#### Input for this task

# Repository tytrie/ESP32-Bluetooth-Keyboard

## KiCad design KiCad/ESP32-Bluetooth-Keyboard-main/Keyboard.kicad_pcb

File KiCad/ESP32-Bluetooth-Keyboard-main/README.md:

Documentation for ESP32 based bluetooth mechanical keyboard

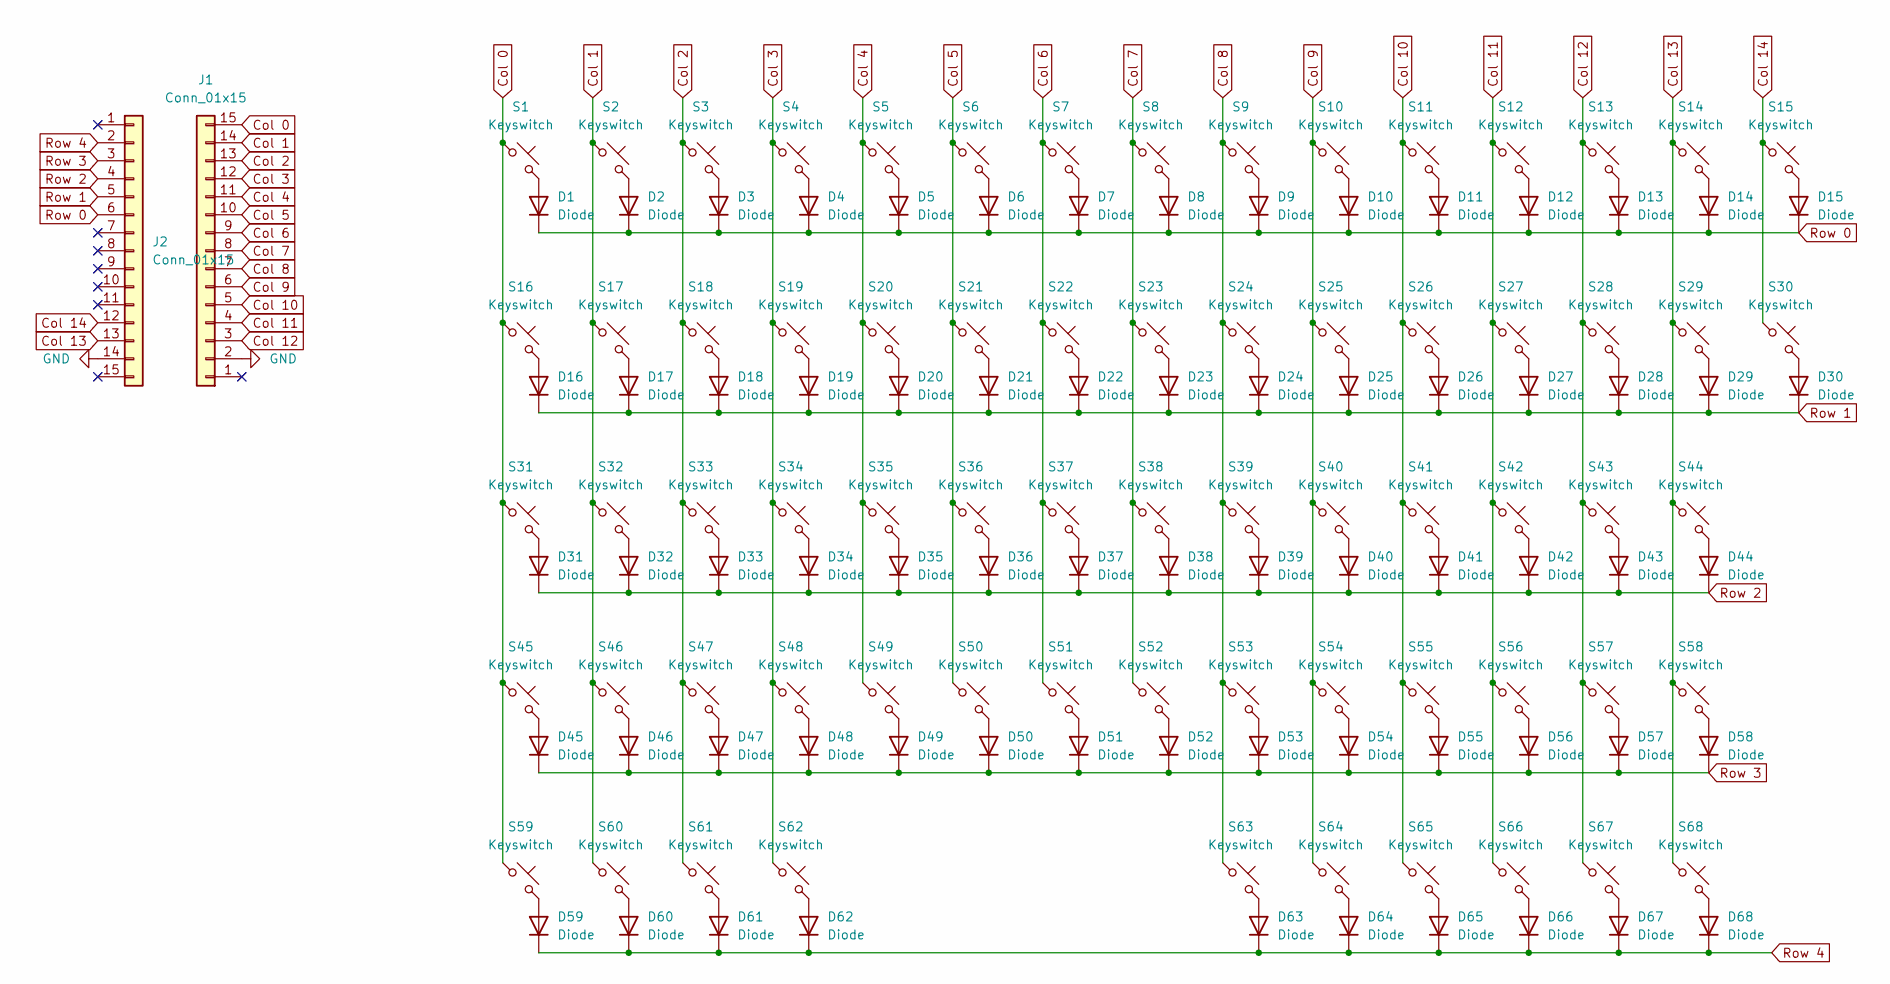
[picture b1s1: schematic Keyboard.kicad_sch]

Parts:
D1, D2, D3, D4, D5, D6, D7, D8, D9, D10, D11, D12, D13, D14, D15, D16, D17, D18, D19, D20, D21, D22, D23, D24, D25, D26, D27, D28, D29, D30, D31, D32, D33, D34, D35, D36, D37, D38, D39, D40, D41, D42, D43, D44, D45, D46, D47, D48, D49, D50, D51, D52, D53, D54, D55, D56, D57, D58, D59, D60, D61, D62, D63, D64, D65, D66, D67, D68: Diode; Diode_DO-35
J1, J2: Conn_01x15; JST_PH_B15B-PH-K_1x15_P2.00mm_Vertical
S1, S2, S3, S4, S5, S6, S7, S8, S9, S10, S11, S12, S13, S14, S15, S16, S17, S18, S19, S20, S21, S22, S23, S24, S25, S26, S27, S28, S29, S30, S31, S32, S33, S34, S35, S36, S37, S38, S39, S40, S41, S42, S43, S44, S45, S46, S47, S48, S49, S50, S51, S52, S53, S54, S55, S56, S57, S58, S59, S60, S61, S62, S63, S64, S65, S66, S67, S68: Keyswitch; MX_PCB_1.00u

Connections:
Col 0: J1.15, S1.1, S16.1, S31.1, S45.1, S59.1
Col 1: J1.14, S2.1, S17.1, S32.1, S46.1, S60.1
Col 2: J1.13, S3.1, S18.1, S33.1, S47.1, S61.1
Col 3: J1.12, S4.1, S19.1, S34.1, S48.1, S62.1
Col 4: J1.11, S5.1, S20.1, S35.1, S49.1
Col 5: J1.10, S6.1, S21.1, S36.1, S50.1
Col 6: J1.9, S7.1, S22.1, S37.1, S51.1
Col 7: J1.8, S8.1, S23.1, S38.1, S52.1
Col 8: J1.7, S9.1, S24.1, S39.1, S53.1, S63.1
Col 9: J1.6, S10.1, S25.1, S40.1, S54.1, S64.1
Col 10: J1.5, S11.1, S26.1, S41.1, S55.1, S65.1
Col 11: J1.4, S12.1, S27.1, S42.1, S56.1, S66.1
Col 12: J1.3, S13.1, S28.1, S43.1, S57.1, S67.1
Col 13: J2.13, S14.1, S29.1, S44.1, S58.1, S68.1
Col 14: J2.12, S15.1, S30.1
GND: J1.2, J2.14
unnamed: D1.2 (A), S1.2
unnamed: D2.2 (A), S2.2
unnamed: D3.2 (A), S3.2
unnamed: D4.2 (A), S4.2
unnamed: D5.2 (A), S5.2
unnamed: D6.2 (A), S6.2
unnamed: D7.2 (A), S7.2
unnamed: D8.2 (A), S8.2
unnamed: D9.2 (A), S9.2
unnamed: D10.2 (A), S10.2
unnamed: D11.2 (A), S11.2
unnamed: D12.2 (A), S12.2
unnamed: D13.2 (A), S13.2
unnamed: D14.2 (A), S14.2
unnamed: D15.2 (A), S15.2
unnamed: D16.2 (A), S16.2
unnamed: D17.2 (A), S17.2
unnamed: D18.2 (A), S18.2
unnamed: D19.2 (A), S19.2
unnamed: D20.2 (A), S20.2
unnamed: D21.2 (A), S21.2
unnamed: D22.2 (A), S22.2
unnamed: D23.2 (A), S23.2
unnamed: D24.2 (A), S24.2
unnamed: D25.2 (A), S25.2
unnamed: D26.2 (A), S26.2
unnamed: D27.2 (A), S27.2
unnamed: D28.2 (A), S28.2
unnamed: D29.2 (A), S29.2
unnamed: D30.2 (A), S30.2
unnamed: D31.2 (A), S31.2
unnamed: D32.2 (A), S32.2
unnamed: D33.2 (A), S33.2
unnamed: D34.2 (A), S34.2
unnamed: D35.2 (A), S35.2
unnamed: D36.2 (A), S36.2
unnamed: D37.2 (A), S37.2
unnamed: D38.2 (A), S38.2
unnamed: D39.2 (A), S39.2
unnamed: D40.2 (A), S40.2
unnamed: D41.2 (A), S41.2
unnamed: D42.2 (A), S42.2
unnamed: D43.2 (A), S43.2
unnamed: D44.2 (A), S44.2
unnamed: D45.2 (A), S45.2
unnamed: D46.2 (A), S46.2
unnamed: D47.2 (A), S47.2
unnamed: D48.2 (A), S48.2
unnamed: D49.2 (A), S49.2
unnamed: D50.2 (A), S50.2
unnamed: D51.2 (A), S51.2
unnamed: D52.2 (A), S52.2
unnamed: D53.2 (A), S53.2
unnamed: D54.2 (A), S54.2
unnamed: D55.2 (A), S55.2
unnamed: D56.2 (A), S56.2
unnamed: D57.2 (A), S57.2
unnamed: D58.2 (A), S58.2
unnamed: D59.2 (A), S59.2
unnamed: D60.2 (A), S60.2
unnamed: D61.2 (A), S61.2
unnamed: D62.2 (A), S62.2
unnamed: D63.2 (A), S63.2
unnamed: D64.2 (A), S64.2
unnamed 80: D65.2 (A), S65.2; also elsewhere on the board
unnamed 81: D66.2 (A), S66.2; also elsewhere on the board
unnamed 82: D67.2 (A), S67.2; also elsewhere on the board
unnamed 83: D68.2 (A), S68.2; also elsewhere on the board
Row 0: D1.1 (K), D2.1 (K), D3.1 (K), D4.1 (K), D5.1 (K), D6.1 (K), D7.1 (K), D8.1 (K), D9.1 (K), D10.1 (K), D11.1 (K), D12.1 (K), D13.1 (K), D14.1 (K), D15.1 (K), J2.6
Row 1: D16.1 (K), D17.1 (K), D18.1 (K), D19.1 (K), D20.1 (K), D21.1 (K), D22.1 (K), D23.1 (K), D24.1 (K), D25.1 (K), D26.1 (K), D27.1 (K), D28.1 (K), D29.1 (K), D30.1 (K), J2.5
Row 2: D31.1 (K), D32.1 (K), D33.1 (K), D34.1 (K), D35.1 (K), D36.1 (K), D37.1 (K), D38.1 (K), D39.1 (K), D40.1 (K), D41.1 (K), D42.1 (K), D43.1 (K), D44.1 (K), J2.4
Row 3: D45.1 (K), D46.1 (K), D47.1 (K), D48.1 (K), D49.1 (K), D50.1 (K), D51.1 (K), D52.1 (K), D53.1 (K), D54.1 (K), D55.1 (K), D56.1 (K), D57.1 (K), D58.1 (K), J2.3

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
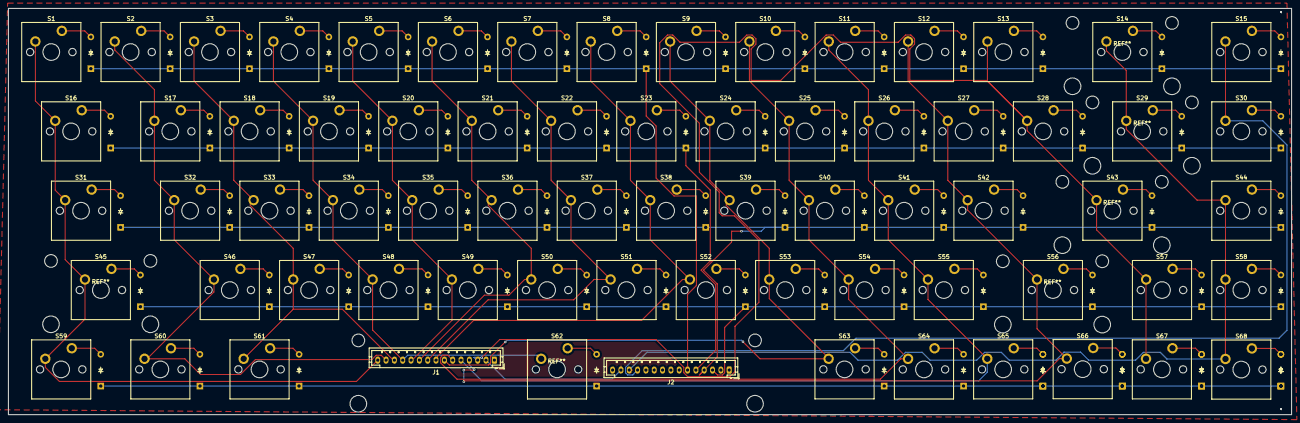
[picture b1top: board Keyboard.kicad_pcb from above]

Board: 2 copper layers, 308.1 x 97.5 mm, 142 parts (0 on the bottom side), 89 nets.

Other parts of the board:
D65#2, D66#2, D67#2, D68#2: Diode; Diode_DO-35

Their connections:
unnamed 80: D65#2.2 (A); also elsewhere on the board
unnamed 81: D66#2.2 (A); also elsewhere on the board
unnamed 82: D67#2.2 (A); also elsewhere on the board
unnamed 83: D68#2.2 (A); also elsewhere on the board

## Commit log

2024-11-25 README
2024-11-25 Kicad files

########

What you are asked to do: Of all the entries above, output exactly the lines between the one holding "Col 2: J1.13, S3.1, S18.1, S33.1, S47.1, S61.1" and the one holding "unnamed: D9.2 (A), S9.2", inclusive.

Task output:
Col 2: J1.13, S3.1, S18.1, S33.1, S47.1, S61.1
Col 3: J1.12, S4.1, S19.1, S34.1, S48.1, S62.1
Col 4: J1.11, S5.1, S20.1, S35.1, S49.1
Col 5: J1.10, S6.1, S21.1, S36.1, S50.1
Col 6: J1.9, S7.1, S22.1, S37.1, S51.1
Col 7: J1.8, S8.1, S23.1, S38.1, S52.1
Col 8: J1.7, S9.1, S24.1, S39.1, S53.1, S63.1
Col 9: J1.6, S10.1, S25.1, S40.1, S54.1, S64.1
Col 10: J1.5, S11.1, S26.1, S41.1, S55.1, S65.1
Col 11: J1.4, S12.1, S27.1, S42.1, S56.1, S66.1
Col 12: J1.3, S13.1, S28.1, S43.1, S57.1, S67.1
Col 13: J2.13, S14.1, S29.1, S44.1, S58.1, S68.1
Col 14: J2.12, S15.1, S30.1
GND: J1.2, J2.14
unnamed: D1.2 (A), S1.2
unnamed: D2.2 (A), S2.2
unnamed: D3.2 (A), S3.2
unnamed: D4.2 (A), S4.2
unnamed: D5.2 (A), S5.2
unnamed: D6.2 (A), S6.2
unnamed: D7.2 (A), S7.2
unnamed: D8.2 (A), S8.2
unnamed: D9.2 (A), S9.2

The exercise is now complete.